2.2.3. Field Emission Scanning Electron Microscopy (FE-SEM)
SEM has the advantages of high resolution, high magnification, and excellent three-dimensional visualization and can accurately reflect the structural characteristics of rock minerals. Therefore, this technology has been widely applied in geosciences [27,28,29]. In this study, an ordinary scanning electron microscope was first used to observe and describe the pore structure of tight reservoirs. The shale layers as target horizons have tiny pores and a very dense structure, which cannot be effectively characterized using a conventional scanning electron microscope. Therefore, a field emission scanning electron microscope with a higher resolution was used to carry out experiments according to standard SY/T 5162-2014 using a Quattro S environmental scanning electron microscope manufactured by the American company, FEI. This microscope has magnifications of 6–2,500,000 and a maximum resolution of 1.0 nm at an accelerating voltage of 30 kV in high vacuum mode. The main steps of the FE-SEM experiment are as follows: (1) The sample was pretreated to make it nonmagnetic, non-toxic, pollution-free, radioactive, stable, dry, conductive, and nonluminous without heating. The original surface morphology and structure of the sample should be kept as long as possible, and the sample should not be squeezed to avoid changing its real appearance.
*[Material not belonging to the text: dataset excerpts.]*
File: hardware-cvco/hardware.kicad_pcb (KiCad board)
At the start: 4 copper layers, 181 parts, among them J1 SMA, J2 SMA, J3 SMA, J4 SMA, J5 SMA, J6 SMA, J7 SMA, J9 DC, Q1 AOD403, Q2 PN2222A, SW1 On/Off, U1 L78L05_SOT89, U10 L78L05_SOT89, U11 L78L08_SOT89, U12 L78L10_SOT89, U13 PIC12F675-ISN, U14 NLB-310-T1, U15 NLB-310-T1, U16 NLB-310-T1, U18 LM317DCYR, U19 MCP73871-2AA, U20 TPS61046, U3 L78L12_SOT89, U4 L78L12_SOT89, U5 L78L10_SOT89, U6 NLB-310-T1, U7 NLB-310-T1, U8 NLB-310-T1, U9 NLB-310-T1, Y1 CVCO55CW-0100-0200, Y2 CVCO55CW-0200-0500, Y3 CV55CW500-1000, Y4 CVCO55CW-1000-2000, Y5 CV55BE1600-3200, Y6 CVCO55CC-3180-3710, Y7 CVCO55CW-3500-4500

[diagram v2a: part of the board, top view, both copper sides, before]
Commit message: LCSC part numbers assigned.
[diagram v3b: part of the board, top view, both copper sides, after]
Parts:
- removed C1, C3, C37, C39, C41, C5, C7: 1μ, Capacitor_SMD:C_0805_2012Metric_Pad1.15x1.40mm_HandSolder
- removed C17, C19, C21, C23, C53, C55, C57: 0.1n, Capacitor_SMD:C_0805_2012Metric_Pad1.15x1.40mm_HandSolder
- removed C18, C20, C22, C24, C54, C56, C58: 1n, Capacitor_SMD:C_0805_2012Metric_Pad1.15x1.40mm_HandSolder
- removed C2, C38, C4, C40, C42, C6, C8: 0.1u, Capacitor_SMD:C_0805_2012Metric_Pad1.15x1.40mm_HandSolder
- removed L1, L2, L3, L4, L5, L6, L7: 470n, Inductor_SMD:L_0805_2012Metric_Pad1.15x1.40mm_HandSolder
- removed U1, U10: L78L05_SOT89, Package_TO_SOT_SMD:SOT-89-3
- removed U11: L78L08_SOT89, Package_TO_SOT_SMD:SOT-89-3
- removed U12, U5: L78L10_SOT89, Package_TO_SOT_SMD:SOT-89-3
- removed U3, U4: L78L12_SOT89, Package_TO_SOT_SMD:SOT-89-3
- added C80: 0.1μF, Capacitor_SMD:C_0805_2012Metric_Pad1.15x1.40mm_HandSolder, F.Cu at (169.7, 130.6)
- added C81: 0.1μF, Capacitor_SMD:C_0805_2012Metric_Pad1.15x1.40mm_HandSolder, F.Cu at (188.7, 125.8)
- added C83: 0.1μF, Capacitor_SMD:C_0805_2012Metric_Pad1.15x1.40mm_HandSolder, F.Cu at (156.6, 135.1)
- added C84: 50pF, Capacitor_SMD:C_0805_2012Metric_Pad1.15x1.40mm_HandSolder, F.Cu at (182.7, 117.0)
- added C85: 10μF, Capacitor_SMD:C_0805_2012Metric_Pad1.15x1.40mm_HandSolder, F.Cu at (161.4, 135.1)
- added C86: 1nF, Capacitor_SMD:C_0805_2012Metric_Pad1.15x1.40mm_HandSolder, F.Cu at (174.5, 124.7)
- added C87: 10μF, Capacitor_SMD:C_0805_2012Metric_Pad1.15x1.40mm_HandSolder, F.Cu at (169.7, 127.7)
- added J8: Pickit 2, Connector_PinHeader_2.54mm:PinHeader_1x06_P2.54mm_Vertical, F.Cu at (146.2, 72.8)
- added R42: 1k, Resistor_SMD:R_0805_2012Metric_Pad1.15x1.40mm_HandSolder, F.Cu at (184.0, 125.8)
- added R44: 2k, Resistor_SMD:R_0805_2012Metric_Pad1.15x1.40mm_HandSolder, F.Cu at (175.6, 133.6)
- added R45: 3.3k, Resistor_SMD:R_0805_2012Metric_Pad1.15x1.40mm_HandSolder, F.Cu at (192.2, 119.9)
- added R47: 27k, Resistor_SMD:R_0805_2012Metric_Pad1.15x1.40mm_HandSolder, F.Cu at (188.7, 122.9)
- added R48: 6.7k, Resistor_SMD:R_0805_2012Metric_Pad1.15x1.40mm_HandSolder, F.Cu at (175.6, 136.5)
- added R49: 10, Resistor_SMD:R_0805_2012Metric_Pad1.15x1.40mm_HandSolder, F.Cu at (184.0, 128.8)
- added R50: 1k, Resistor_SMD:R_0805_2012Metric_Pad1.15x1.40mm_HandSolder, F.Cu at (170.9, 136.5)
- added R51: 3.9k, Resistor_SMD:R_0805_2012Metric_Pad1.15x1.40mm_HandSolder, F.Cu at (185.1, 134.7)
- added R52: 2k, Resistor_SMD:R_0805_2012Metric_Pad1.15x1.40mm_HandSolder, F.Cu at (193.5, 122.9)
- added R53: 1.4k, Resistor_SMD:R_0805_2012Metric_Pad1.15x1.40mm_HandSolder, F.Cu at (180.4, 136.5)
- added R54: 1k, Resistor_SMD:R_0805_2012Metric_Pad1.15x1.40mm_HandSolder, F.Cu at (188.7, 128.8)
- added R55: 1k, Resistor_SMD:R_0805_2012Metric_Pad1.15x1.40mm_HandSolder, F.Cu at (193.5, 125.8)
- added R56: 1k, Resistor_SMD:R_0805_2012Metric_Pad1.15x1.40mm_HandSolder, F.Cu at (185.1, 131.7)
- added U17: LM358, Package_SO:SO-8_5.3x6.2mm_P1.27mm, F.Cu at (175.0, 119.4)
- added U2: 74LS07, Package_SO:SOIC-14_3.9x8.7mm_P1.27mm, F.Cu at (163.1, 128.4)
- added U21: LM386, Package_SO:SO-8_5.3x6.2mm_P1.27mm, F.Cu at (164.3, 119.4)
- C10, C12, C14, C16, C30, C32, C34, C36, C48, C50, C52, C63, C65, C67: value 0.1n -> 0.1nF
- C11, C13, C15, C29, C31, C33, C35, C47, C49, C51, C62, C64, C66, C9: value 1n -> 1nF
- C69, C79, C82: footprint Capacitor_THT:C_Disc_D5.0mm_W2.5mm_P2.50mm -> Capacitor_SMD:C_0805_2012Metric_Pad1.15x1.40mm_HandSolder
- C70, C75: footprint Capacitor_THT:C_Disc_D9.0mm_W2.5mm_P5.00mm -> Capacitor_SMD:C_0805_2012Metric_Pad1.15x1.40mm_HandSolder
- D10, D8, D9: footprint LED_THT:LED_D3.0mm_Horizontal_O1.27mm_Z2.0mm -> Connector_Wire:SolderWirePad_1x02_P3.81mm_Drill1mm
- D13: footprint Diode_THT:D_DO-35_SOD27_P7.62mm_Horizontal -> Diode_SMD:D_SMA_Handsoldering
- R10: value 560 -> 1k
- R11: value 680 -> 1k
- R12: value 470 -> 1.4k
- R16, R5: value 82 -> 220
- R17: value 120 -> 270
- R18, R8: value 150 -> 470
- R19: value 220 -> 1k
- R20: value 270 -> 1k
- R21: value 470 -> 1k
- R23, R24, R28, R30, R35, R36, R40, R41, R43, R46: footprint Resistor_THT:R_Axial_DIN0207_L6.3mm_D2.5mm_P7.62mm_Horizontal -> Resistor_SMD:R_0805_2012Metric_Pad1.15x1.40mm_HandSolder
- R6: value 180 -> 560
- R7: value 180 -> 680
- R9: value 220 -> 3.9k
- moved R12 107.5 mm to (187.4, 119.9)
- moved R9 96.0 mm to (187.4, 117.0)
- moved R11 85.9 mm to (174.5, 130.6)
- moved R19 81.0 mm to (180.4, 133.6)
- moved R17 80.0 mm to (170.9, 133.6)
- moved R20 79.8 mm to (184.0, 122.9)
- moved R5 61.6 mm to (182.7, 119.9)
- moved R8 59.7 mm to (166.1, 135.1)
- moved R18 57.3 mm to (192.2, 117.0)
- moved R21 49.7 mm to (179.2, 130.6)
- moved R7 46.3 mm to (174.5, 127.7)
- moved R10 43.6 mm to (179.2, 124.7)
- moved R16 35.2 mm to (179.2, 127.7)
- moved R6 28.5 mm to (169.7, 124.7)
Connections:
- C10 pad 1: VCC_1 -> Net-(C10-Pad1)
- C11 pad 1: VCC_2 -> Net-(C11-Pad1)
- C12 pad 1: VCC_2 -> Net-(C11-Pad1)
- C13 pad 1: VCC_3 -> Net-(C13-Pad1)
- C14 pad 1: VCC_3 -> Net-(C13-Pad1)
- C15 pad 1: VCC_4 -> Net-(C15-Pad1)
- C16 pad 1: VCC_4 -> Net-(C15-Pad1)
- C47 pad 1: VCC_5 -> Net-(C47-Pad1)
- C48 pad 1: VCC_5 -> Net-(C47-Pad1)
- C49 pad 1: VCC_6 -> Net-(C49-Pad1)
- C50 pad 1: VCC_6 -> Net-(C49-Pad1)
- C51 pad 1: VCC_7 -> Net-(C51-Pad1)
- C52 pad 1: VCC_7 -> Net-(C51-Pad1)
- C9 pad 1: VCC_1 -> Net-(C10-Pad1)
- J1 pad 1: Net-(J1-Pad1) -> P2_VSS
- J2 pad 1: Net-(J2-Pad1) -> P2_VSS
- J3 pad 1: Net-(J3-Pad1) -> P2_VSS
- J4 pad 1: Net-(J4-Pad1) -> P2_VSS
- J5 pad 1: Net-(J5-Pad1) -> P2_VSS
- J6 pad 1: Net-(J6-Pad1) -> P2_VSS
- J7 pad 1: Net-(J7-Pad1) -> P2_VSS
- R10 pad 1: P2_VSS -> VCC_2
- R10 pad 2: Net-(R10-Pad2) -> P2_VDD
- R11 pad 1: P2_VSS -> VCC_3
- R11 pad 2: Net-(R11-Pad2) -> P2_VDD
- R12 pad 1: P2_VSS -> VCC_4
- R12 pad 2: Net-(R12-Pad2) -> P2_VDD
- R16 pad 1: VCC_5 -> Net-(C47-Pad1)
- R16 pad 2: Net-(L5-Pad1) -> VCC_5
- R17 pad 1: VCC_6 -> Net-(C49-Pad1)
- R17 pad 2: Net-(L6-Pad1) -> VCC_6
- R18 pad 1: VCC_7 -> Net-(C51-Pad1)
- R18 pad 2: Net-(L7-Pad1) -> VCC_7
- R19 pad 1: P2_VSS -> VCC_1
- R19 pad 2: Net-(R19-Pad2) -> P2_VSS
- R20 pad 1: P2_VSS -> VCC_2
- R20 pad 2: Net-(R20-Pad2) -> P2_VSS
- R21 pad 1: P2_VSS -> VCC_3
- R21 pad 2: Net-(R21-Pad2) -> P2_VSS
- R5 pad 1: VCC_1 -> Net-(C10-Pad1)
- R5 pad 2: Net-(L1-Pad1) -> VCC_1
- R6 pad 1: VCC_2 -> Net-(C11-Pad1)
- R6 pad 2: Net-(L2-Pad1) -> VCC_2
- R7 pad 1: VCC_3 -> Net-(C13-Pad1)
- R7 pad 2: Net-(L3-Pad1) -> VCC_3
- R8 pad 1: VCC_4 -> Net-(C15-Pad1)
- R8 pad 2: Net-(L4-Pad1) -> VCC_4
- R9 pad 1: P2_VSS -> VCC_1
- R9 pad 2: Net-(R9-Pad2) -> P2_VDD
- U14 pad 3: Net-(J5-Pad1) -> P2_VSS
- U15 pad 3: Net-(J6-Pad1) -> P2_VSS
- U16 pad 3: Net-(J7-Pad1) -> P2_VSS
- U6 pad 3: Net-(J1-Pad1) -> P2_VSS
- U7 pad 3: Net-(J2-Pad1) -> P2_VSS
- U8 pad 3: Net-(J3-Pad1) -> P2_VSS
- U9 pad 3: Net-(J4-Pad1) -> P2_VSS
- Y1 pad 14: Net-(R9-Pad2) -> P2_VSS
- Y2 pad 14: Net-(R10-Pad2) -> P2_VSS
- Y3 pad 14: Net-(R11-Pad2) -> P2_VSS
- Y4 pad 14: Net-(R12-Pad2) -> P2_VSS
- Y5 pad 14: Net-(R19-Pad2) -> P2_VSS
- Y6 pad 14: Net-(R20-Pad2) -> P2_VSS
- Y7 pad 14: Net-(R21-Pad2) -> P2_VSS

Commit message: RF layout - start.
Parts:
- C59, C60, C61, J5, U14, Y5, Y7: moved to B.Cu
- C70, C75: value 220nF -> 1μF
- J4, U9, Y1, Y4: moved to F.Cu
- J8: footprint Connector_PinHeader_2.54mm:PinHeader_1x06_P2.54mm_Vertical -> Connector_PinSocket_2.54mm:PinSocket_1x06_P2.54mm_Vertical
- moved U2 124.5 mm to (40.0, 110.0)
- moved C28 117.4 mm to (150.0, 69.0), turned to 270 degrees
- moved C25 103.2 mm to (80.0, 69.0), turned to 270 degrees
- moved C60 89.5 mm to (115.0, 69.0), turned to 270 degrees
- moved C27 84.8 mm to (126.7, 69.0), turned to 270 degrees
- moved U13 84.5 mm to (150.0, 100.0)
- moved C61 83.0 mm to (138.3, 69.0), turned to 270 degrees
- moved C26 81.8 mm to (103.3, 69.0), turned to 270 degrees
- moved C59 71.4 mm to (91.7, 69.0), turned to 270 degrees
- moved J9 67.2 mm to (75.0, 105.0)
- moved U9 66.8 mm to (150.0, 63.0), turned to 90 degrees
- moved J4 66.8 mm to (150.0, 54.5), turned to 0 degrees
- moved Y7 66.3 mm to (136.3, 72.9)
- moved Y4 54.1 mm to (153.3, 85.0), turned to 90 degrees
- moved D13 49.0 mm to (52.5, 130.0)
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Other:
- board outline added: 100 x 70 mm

The whole process should be clean, and the sample and instrument should not be touched directly to avoid polluting the vicinity of the electronic channel. The sample can be cleaned with alcohol or ultrasonic in advance to reduce its pollution degree; (2) The sample was prepared according to the specification requirements of the scanning electron microscope slice. In other words, the glass slice should not be covered, and its thickness should be 0.03 mm; (3) The sample was sent to the sample table, throughout which gloves should be worn; (4) The machine was turned on, and the joystick was moved to take photos after the image was adjusted clearly.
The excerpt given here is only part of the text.